YOUR OBJECTIVE: Copy out every line from the records that includes "simulink".

RECORDS PROVIDED:
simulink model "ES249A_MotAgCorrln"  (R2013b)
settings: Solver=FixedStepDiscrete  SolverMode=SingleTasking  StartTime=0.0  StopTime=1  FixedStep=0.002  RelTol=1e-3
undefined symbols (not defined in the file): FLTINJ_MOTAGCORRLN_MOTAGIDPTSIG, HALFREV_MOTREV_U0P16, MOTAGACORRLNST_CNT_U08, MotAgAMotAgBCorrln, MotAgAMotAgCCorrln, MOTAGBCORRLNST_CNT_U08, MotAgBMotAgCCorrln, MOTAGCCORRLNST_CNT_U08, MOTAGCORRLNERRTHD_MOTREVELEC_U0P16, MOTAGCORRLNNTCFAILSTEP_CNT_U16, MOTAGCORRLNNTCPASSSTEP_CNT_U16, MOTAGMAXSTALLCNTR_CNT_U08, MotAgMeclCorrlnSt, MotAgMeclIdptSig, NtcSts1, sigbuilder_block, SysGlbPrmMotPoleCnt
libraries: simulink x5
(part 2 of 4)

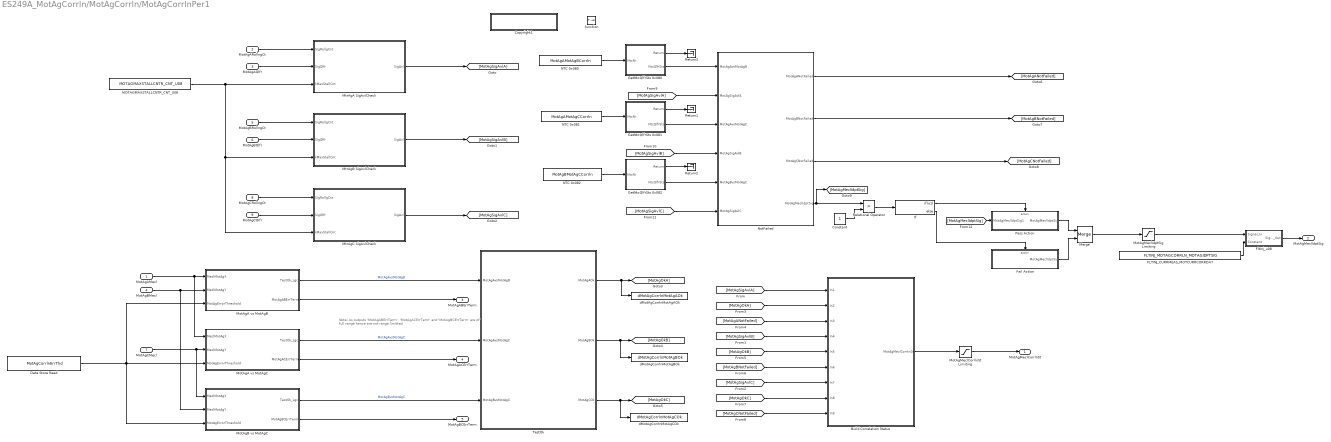
== system ES249A_MotAgCorrln/MotAgCorrln/MotAgCorrlnPer1 ==
  note: Note: As outputs 'MotAgABErrTerm', 'MotAgACErrTerm' and 'MotAgBCErrTerm'
      | are of full range hence are not range limitted
  MotAgAMecl : Inport  RequirementInfo={} %GIDa_0d510189_b4be_492d_be7e_b68d691b2df9
  MotAgARollngCt : Inport  RequirementInfo={} %GIDa_517e33a2_5a75_4f61_8f0f_573ac68cba90  Port=2
  MotAgAQlfr : Inport  RequirementInfo={} %GIDa_72867f98_7693_466f_aee4_0d6354195f1e  Port=3
  MotAgBMecl : Inport  RequirementInfo={} %GIDa_cfbccf8f_533e_4f37_986a_e6dac4ce98be  Port=4
  MotAgBRollngCt : Inport  RequirementInfo={} %GIDa_0bfa8ef6_2836_4615_abbf_8888cb320397  Port=5
  MotAgBQlfr : Inport  RequirementInfo={} %GIDa_efd6d5fa_412f_4474_a057_389b850e160a  Port=6
  MotAgCMecl : Inport  RequirementInfo={} %GIDa_b4666b4a_7a72_490a_9a26_ab5605674f7c  Port=7
  MotAgCRollngCt : Inport  RequirementInfo={} %GIDa_2a959797_a597_4b9a_b225_8bb1363b4372  Port=8
  MotAgCQlfr : Inport  RequirementInfo={} %GIDa_ae78480a_19b1_4014_b9a6_e3ccb226d53e  Port=9
  function : TriggerPort  RequirementInfo={'linktype_rmi_doors' '0000c47a (/E-STEER Core/SubSystem Specifications/Electrical Actuator/Control Module/FDD Module Requirements/EA4/ES249A_MotAgCorrln DRAFT)' '#ES249A_25' 'true' 'REQ: ES249A_25' '' ; 'linktype_rmi_doors' '0000c47a (/E-STEER Core/SubSystem Specifications/Electrical Actuator/Control Module/FDD Module Requirements/EA4/ES249A_MotAgCorrln DRAFT)' '#ES249A_76' 'true' 'REQ: ES249A_76' '' ; 'linktype_rmi_doors' '0000c47a (/E-STEER Core/SubSystem Specifications/Electrical Actuator/Control Module/FDD Module Requirements/EA4/ES249A_MotAgCorrln DRAFT)' '#ES249A_85' 'true' 'REQ: ES249A_85' '' } %GIDa_31db59e0_dbe3_46c8_b533_8d5601b81075  TriggerType=function-call
  Build Correlation Status : Subsystem  RequirementInfo={'linktype_rmi_doors' '0000c47a (/E-STEER Core/SubSystem Specifications/Electrical Actuator/Control Module/FDD Module Requirements/EA4/ES249A_MotAgCorrln DRAFT)' '#ES249A_90' 'true' 'REQ: ES249A_90' '' } %GIDa_aeadb70c_103d_495b_a56d_3da9c7a106e3
  Constant : Constant  RequirementInfo={'linktype_rmi_doors' '0000c47a (/E-STEER Core/SubSystem Specifications/Electrical Actuator/Control Module/FDD Module Requirements/EA4/ES249A_MotAgCorrln)' '#ES249A_110' 'true' 'REQ: ES249A_110' '' } %GIDa_5d96b250_1bd1_40e8_b31a_35961645f040  OutDataTypeStr=uint8
      settings: AttributesFormatString=%<OutDataTypeStr>
  Copyright1 : Subsystem  Description=|  RequirementInfo={} %GIDa_7b6edb4a_3f39_48e0_befb_44ef32e9295a  mask(Copyright Information){none=on}
      | Copyright info block.                                               
      |                                                                     
      | Place copyright information at the top of every subsystem in design.
      mask prompts: none "No parameters"
      mask help: Place copyright information at the top of every subsystem in design.
      mask Display:
      | NxtrConf = 'Nexteer Confidential';
      | 
      | sys = bdroot; %handle for the current model ("system")
      | first = get_param(sys,'Created');
      | if(isempty(first))
      |     first = datestr(now,'yyyy');
      | else
      |     first = first(end-3:end);  %year is last four digits
      | end
      | 
      | last = get_param(sys,'LastModifiedDate');
      | if isempty(last)
      |     last = datestr(now,'yyyy');
      | else
      |     last = last(end-3:end);
      | end
      | 
      | if strcmp(first,last)
      |     fprintf('%s\nCopyright  %s Nexteer',NxtrConf,first);
      | else
      |     fprintf('%s\n%s%s-%s Nexteer',NxtrConf,char(169),first,last);
      | end
  Data Store Read : DataStoreRead  DataStoreName=MotAgCorrlnErrThd
  FLTINJ_CURRMEAS_MOTCURRCORRDA7 : Constant  Value=FLTINJ_MOTAGCORRLN_MOTAGIDPTSIG
  "Fail Action " : Subsystem  RequirementInfo={'linktype_rmi_doors' '0000c47a (/E-STEER Core/SubSystem Specifications/Electrical Actuator/Control Module/FDD Module Requirements/EA4/ES249A_MotAgCorrln)' '#ES249A_110' 'true' 'REQ: ES249A_110' '' } %GIDa_4e6cbac2_25f9_4a00_a650_a831ef320943  TreatAsAtomicUnit=on
  "FltInj_u08 " : Subsystem  RequirementInfo={'linktype_rmi_doors' '0000c47a (/E-STEER Core/SubSystem Specifications/Electrical Actuator/Control Module/FDD Module Requirements/EA4/ES249A_MotAgCorrln)' '#ES249A_106' 'true' 'REQ: ES249A_106' '' } %GIDa_071c3215_62aa_4359_8caf_75f09dd6c30e  TreatAsAtomicUnit=on  VariantControl=FltInj_sim  mask(Fault_Injection){}
      mask help: Fault Injection is a simulation only block for EA3 programs.
  "GetNtcQlfrSts 0x080 " : Subsystem  RequirementInfo={'linktype_rmi_doors' '0000c47a (/E-STEER Core/SubSystem Specifications/Electrical Actuator/Control Module/FDD Module Requirements/EA4/ES249A_MotAgCorrln DRAFT)' '#ES249A_92' 'true' 'REQ: ES249A_92' '' ; 'linktype_rmi_doors' '0000c47a (/E-STEER Core/SubSystem Specifications/Electrical Actuator/Control Module/FDD Module Requirements/EA4/ES249A_MotAgCorrln DRAFT)' '#ES249A_96' 'true' 'REQ: ES249A_96' '' ; 'linktype_rmi_doors' '0000c47a (/E-STEER Core/SubSystem Specifications/Electrical Actuator/Control Module/FDD Module Requirements/EA4/ES249A_MotAgCorrln DRAFT)' '#ES249A_101' 'true' 'REQ: ES249A_101' '' ; 'linktype_rmi_doors' '0000c47a (/E-STEER Core/SubSystem Specifications/Electrical Actuator/Control Module/FDD Module Requirements/EA4/ES249A_MotAgCorrln DRAFT)' '#ES249A_102' 'true' 'REQ: ES249A_102' '' ; 'linktype_rmi_doors' '0000c47a (/E-STEER Core/SubSystem Specifications/Electrical Actuator/Control Module/FDD Module Requirements/EA4/ES249A_MotAgCorrln DRAFT)' '#ES249A_103' 'true' 'REQ: ES249A_103' '' ; 'linktype_rmi_doors' '0000c47a (/E-STEER Core/SubSystem Specifications/Electrical Actuator/Control Module/FDD Module Requirements/EA4/ES249A_MotAgCorrln DRAFT)' '#ES249A_97' 'true' 'REQ: ES249A_97' '' ; 'linktype_rmi_doors' '0000c47a (/E-STEER Core/SubSystem Specifications/Electrical Actuator/Control Module/FDD Module Requirements/EA4/ES249A_MotAgCorrln DRAFT)' '#ES249A_98' 'true' 'REQ: ES249A_98' '' ; 'linktype_rmi_doors' '0000c47a (/E-STEER Core/SubSystem Specifications/Electrical Actuator/Control Module/FDD Module Requirements/EA4/ES249A_MotAgCorrln DRAFT)' '#ES249A_96' 'true' 'REQ: ES249A_96' '' ; 'linktype_rmi_doors' '0000c47a (/E-STEER Core/SubSystem Specifications/Electrical Actuator/Control Module/FDD Module Requirements/EA4/ES249A_MotAgCorrln DRAFT)' '#ES249A_101' 'true' 'REQ: ES249A_101' '' ; 'linktype_rmi_doors' '0000c47a (/E-STEER Core/SubSystem Specifications/Electrical Actuator/Control Module/FDD Module Requirements/EA4/ES249A_MotAgCorrln DRAFT)' '#ES249A_102' 'true' 'REQ: ES249A_102' '' ; 'linktype_rmi_doors' '0000c47a (/E-STEER Core/SubSystem Specifications/Electrical Actuator/Control Module/FDD Module Requirements/EA4/ES249A_MotAgCorrln DRAFT)' '#ES249A_103' 'true' 'REQ: ES249A_103' '' ; 'linktype_rmi_doors' '0000c47a (/E-STEER Core/SubSystem Specifications/Electrical Actuator/Control Module/FDD Module Requirements/EA4/ES249A_MotAgCorrln DRAFT)' '#ES249A_97' 'true' 'REQ: ES249A_97' '' ; 'linktype_rmi_doors' '0000c47a (/E-STEER Core/SubSystem Specifications/Electrical Actuator/Control Module/FDD Module Requirements/EA4/ES249A_MotAgCorrln DRAFT)' '#ES249A_98' 'true' 'REQ: ES249A_98' '' ; 'linktype_rmi_doors' '0000c47a (/E-STEER Core/SubSystem Specifications/Electrical Actuator/Control Module/FDD Module Requirements/EA4/ES249A_MotAgCorrln DRAFT)' '#ES249A_104' 'true' 'REQ: ES249A_104' '' ; 'linktype_rmi_doors' '0000c47a (/E-STEER Core/SubSystem Specifications/Electrical Actuator/Control Module/FDD Module Requirements/EA4/ES249A_MotAgCorrln DRAFT)' '#ES249A_100' 'true' 'REQ: ES249A_100' '' } %GIDa_cf545445_441a_46fe_b236_5e2b4963b333
  GetNtcQlfrSts 0x081 : Subsystem  RequirementInfo={'linktype_rmi_doors' '0000c47a (/E-STEER Core/SubSystem Specifications/Electrical Actuator/Control Module/FDD Module Requirements/EA4/ES249A_MotAgCorrln DRAFT)' '#ES249A_92' 'true' 'REQ: ES249A_92' '' ; 'linktype_rmi_doors' '0000c47a (/E-STEER Core/SubSystem Specifications/Electrical Actuator/Control Module/FDD Module Requirements/EA4/ES249A_MotAgCorrln DRAFT)' '#ES249A_96' 'true' 'REQ: ES249A_96' '' ; 'linktype_rmi_doors' '0000c47a (/E-STEER Core/SubSystem Specifications/Electrical Actuator/Control Module/FDD Module Requirements/EA4/ES249A_MotAgCorrln DRAFT)' '#ES249A_101' 'true' 'REQ: ES249A_101' '' ; 'linktype_rmi_doors' '0000c47a (/E-STEER Core/SubSystem Specifications/Electrical Actuator/Control Module/FDD Module Requirements/EA4/ES249A_MotAgCorrln DRAFT)' '#ES249A_102' 'true' 'REQ: ES249A_102' '' ; 'linktype_rmi_doors' '0000c47a (/E-STEER Core/SubSystem Specifications/Electrical Actuator/Control Module/FDD Module Requirements/EA4/ES249A_MotAgCorrln DRAFT)' '#ES249A_103' 'true' 'REQ: ES249A_103' '' ; 'linktype_rmi_doors' '0000c47a (/E-STEER Core/SubSystem Specifications/Electrical Actuator/Control Module/FDD Module Requirements/EA4/ES249A_MotAgCorrln DRAFT)' '#ES249A_97' 'true' 'REQ: ES249A_97' '' ; 'linktype_rmi_doors' '0000c47a (/E-STEER Core/SubSystem Specifications/Electrical Actuator/Control Module/FDD Module Requirements/EA4/ES249A_MotAgCorrln DRAFT)' '#ES249A_98' 'true' 'REQ: ES249A_98' '' ; 'linktype_rmi_doors' '0000c47a (/E-STEER Core/SubSystem Specifications/Electrical Actuator/Control Module/FDD Module Requirements/EA4/ES249A_MotAgCorrln DRAFT)' '#ES249A_96' 'true' 'REQ: ES249A_96' '' ; 'linktype_rmi_doors' '0000c47a (/E-STEER Core/SubSystem Specifications/Electrical Actuator/Control Module/FDD Module Requirements/EA4/ES249A_MotAgCorrln DRAFT)' '#ES249A_101' 'true' 'REQ: ES249A_101' '' ; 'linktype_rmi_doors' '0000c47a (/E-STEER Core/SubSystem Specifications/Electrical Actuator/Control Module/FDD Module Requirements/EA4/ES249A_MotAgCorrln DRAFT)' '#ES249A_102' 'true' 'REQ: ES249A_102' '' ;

ANSWER BELOW:
simulink model "ES249A_MotAgCorrln"  (R2013b)
libraries: simulink x5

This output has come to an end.